Francesco, il “profumo amaro” della polemica online quando il dolore viene ignorato

Francesco, il “profumo amaro” della polemica online quando il dolore viene ignorato

CATANIA –  Quando si tratta di far polemica, gli utenti sui social sono sempre in prima linea. Anche quando il cuore di un giovane cessa di battere.

Francesco aveva 22 anni. Era un fiore pieno di vita che rifletteva giovinezza. Una purezza d’animo che ha dimostrato con la sua famiglia, con gli amici, con la squadra di football con cui giocava. E domenica, la notizia sul giornale: “Morto a Polignano a Mare un 22enne catanese: si era tuffato dalla scogliera”. Un tuffo che “sprigionavagioia di vivere, ma che si è rivelato un dramma.

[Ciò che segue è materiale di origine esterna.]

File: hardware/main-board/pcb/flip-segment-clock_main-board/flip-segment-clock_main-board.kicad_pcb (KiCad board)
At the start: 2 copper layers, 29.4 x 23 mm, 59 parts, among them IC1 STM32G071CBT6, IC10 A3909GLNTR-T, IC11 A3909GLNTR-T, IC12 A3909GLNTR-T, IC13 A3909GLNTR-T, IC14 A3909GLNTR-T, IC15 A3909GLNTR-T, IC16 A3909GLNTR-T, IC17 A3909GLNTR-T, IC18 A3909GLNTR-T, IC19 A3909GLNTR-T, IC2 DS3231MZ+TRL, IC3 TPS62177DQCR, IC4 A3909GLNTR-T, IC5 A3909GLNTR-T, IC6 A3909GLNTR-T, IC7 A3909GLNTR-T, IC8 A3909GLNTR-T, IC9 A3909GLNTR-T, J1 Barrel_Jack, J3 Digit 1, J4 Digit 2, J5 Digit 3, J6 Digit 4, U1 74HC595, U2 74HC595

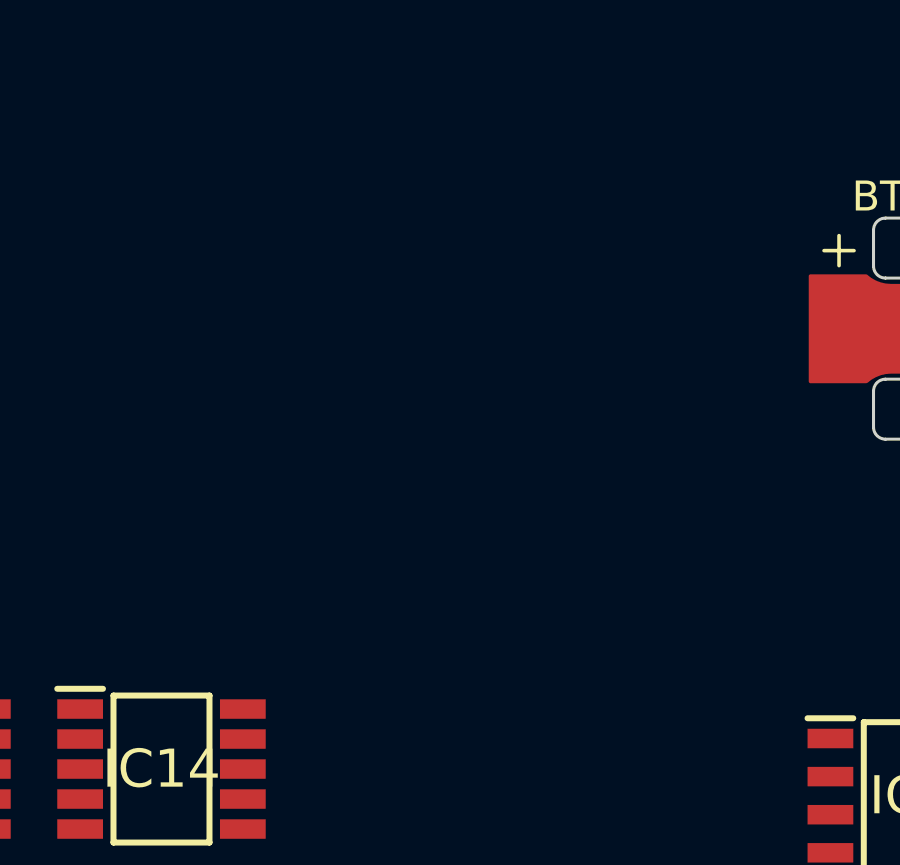
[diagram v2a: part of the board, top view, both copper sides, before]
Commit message: Changelog/design notes for Segment Drivers
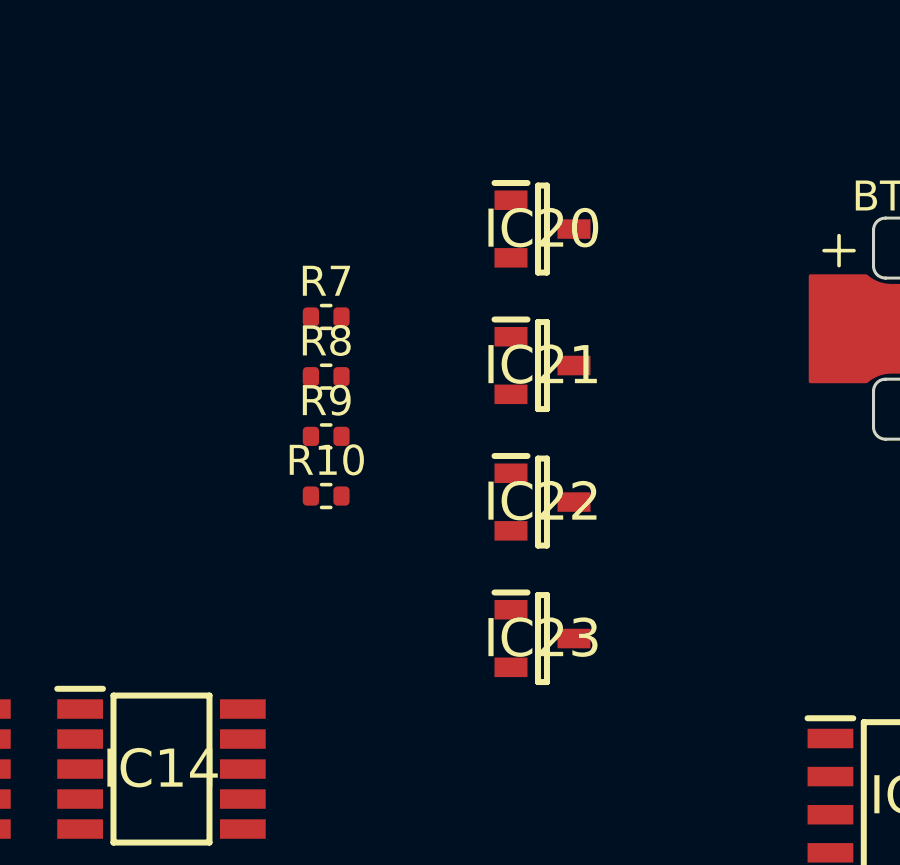
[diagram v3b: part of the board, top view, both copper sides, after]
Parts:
- added IC20: DMN6075S-7, SamacSys_Parts:SOT96P240X110-3N, F.Cu at (97.7, 60.6)
- added IC21: DMN6075S-7, SamacSys_Parts:SOT96P240X110-3N, F.Cu at (97.7, 65.2)
- added IC22: DMN6075S-7, SamacSys_Parts:SOT96P240X110-3N, F.Cu at (97.7, 69.7)
- added IC23: DMN6075S-7, SamacSys_Parts:SOT96P240X110-3N, F.Cu at (97.7, 74.2)
- added R10: 100K, Resistor_SMD:R_0402_1005Metric, F.Cu at (90.5, 69.5)
- added R7: 100K, Resistor_SMD:R_0402_1005Metric, F.Cu at (90.5, 63.5)
- added R8: 100K, Resistor_SMD:R_0402_1005Metric, F.Cu at (90.5, 65.5)
- added R9: 100K, Resistor_SMD:R_0402_1005Metric, F.Cu at (90.5, 67.5)
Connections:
- C15 pad 2: DIG1 -> VBB
- C16 pad 2: DIG1 -> VBB
- C17 pad 2: DIG1 -> VBB
- C18 pad 2: DIG2 -> VBB
- C19 pad 2: DIG2 -> VBB
- C20 pad 2: DIG2 -> VBB
- C21 pad 2: DIG2 -> VBB
- C22 pad 2: DIG3 -> VBB
- C23 pad 2: DIG3 -> VBB
- C24 pad 2: DIG3 -> VBB
- C25 pad 2: DIG4 -> VBB
- C26 pad 2: DIG4 -> VBB
- C27 pad 2: DIG4 -> VBB
- C28 pad 2: DIG4 -> VBB
- C3 pad 2: DIG1 -> VBB
- C4 pad 2: DIG3 -> VBB
- IC10 pad 3: DIG2 -> VBB
- IC10 pad 8: GND -> DIG2
- IC11 pad 3: DIG3 -> VBB
- IC11 pad 8: GND -> DIG3
- IC12 pad 3: DIG3 -> VBB
- IC12 pad 8: GND -> DIG3
- IC13 pad 3: DIG3 -> VBB
- IC13 pad 8: GND -> DIG3
- IC14 pad 3: DIG4 -> VBB
- IC14 pad 8: GND -> DIG4
- IC15 pad 3: DIG4 -> VBB
- IC15 pad 8: GND -> DIG4
- IC16 pad 3: DIG4 -> VBB
- IC16 pad 8: GND -> DIG4
- IC17 pad 3: DIG4 -> VBB
- IC17 pad 8: GND -> DIG4
- IC18 pad 3: DIG1 -> VBB
- IC18 pad 8: GND -> DIG1
- IC19 pad 3: DIG3 -> VBB
- IC19 pad 8: GND -> DIG3
- IC4 pad 3: DIG1 -> VBB
- IC4 pad 8: GND -> DIG1
- IC5 pad 3: DIG1 -> VBB
- IC5 pad 8: GND -> DIG1
- IC6 pad 3: DIG1 -> VBB
- IC6 pad 8: GND -> DIG1
- IC7 pad 3: DIG2 -> VBB
- IC7 pad 8: GND -> DIG2
- IC8 pad 3: DIG2 -> VBB
- IC8 pad 8: GND -> DIG2
- IC9 pad 3: DIG2 -> VBB
- IC9 pad 8: GND -> DIG2

Piomba il silenzio. Crolla, dal baratro delle certezze, quel briciolo di speranza di poter far tornare il ritmo sinusale. Uno di quei silenzi che fa rumore, che gela il sangue, che stringe la gola. Catania ha perso uno spirito di ilarità e felicità pura. E certamente il suo ricordo rimarrà per sempre vivo nei cuori di chi l’ha desiderato, l’ha voluto bene – e persino di chi non lo conosceva, che ora scoppiano di dolore.

Il dolore silenzioso e il “veleno” sui social

Cuori distrutti – mi vien da dire – da quelle “serpi da tastiera” che abusano della libertà d’espressione per seminare veleno, senza pensare alla tragedia che hanno vissuto e stanno vivendo coloro che gli sono stati vicini. Dai genitori Giampaolo e Ilia, ai fratelli, agli amici con i quali stava condividendo quelli che sarebbero dovuti essere i giorni più spensierati delle loro vite.

Commenti come “Se l’è cercata”, “Non si sa che è pericoloso?”, “Non ha pensato alle conseguenze”, “Poteva evitarlo” regnano sovrani nei canali in cui basta nascondersi dietro lo schermo per apparire.

Una tragedia che per molti “profuma” di gossip, di intrattenimento, di desiderio di “like”. Nemmeno di fronte a una vita spezzata ci si ferma a riflettere, compatire l’angoscia, meditare su quanto la vita sia fragile, su quanto scivoli, come sabbia da un setaccio, senza che sappiamo dove finirà.

Parola alla dottoressa Gentile: “Molte volte un meccanismo di difesa. Bisogna creare spazi di silenzio, ascolto ed empatia”

È proprio questo il tema che, noi di NewSicilia, abbiamo voluto affrontare con la psicologa Valentina Gentile. La dottoressa ha spiegato che, in molti casi, si tratta “di un meccanismo di difesa: attraverso l’attacco o il gossip, l’individuo cerca inconsciamente di allontanare da sé il senso di vulnerabilità e l’angoscia legata alla morte”.

Questo perché sui social “la distanza, l’anonimato e l’immediatezza della comunicazione trasformano spesso le emozioni più difficili da sostenere in polemica, giudizio o aggressività“. Un atteggiamento che, purtroppo, si trasforma in un circolo vizioso, dove il dolore altrui diventa merce per attirare attenzione, senza rispetto, senza pietà.

Motivo per cui in questi momenti “sarebbe invece necessario creare spazi di silenzio, ascolto ed empatia. Ogni parola pubblica dovrebbe restituire dignità al dolore, senza ridurlo a spettacolo”, come ha sottolineato la dottoressa Gentile. Il dolore non è uno show. È la sofferenza di chi rimane, di chi ha vissuto un legame, di chi si trova a dover fare i conti con l’assenza.

Verso il binomio “leggerezza-coscienza”

Ed è qui che entra in gioco il giornalismo: con l’informazione, che aiuta a sviluppare quel senso di coscienza che dovrebbe far “binomiocon leggerezza. Si tende a ridurre la morte di una persona a un fatto di cronaca sterile, senza considerare che dietro ogni vittima – e in questo caso Francesco – ci sono affetti spezzati, cuori frantumati.

Ebbene, almeno davanti alla morte, il silenzio e il rispetto dovrebbero avere più spazio della polemica. Il rischio è sottile quanto crudele: perdere di vista la vita spezzata di un ragazzo e la sofferenza di chi resta.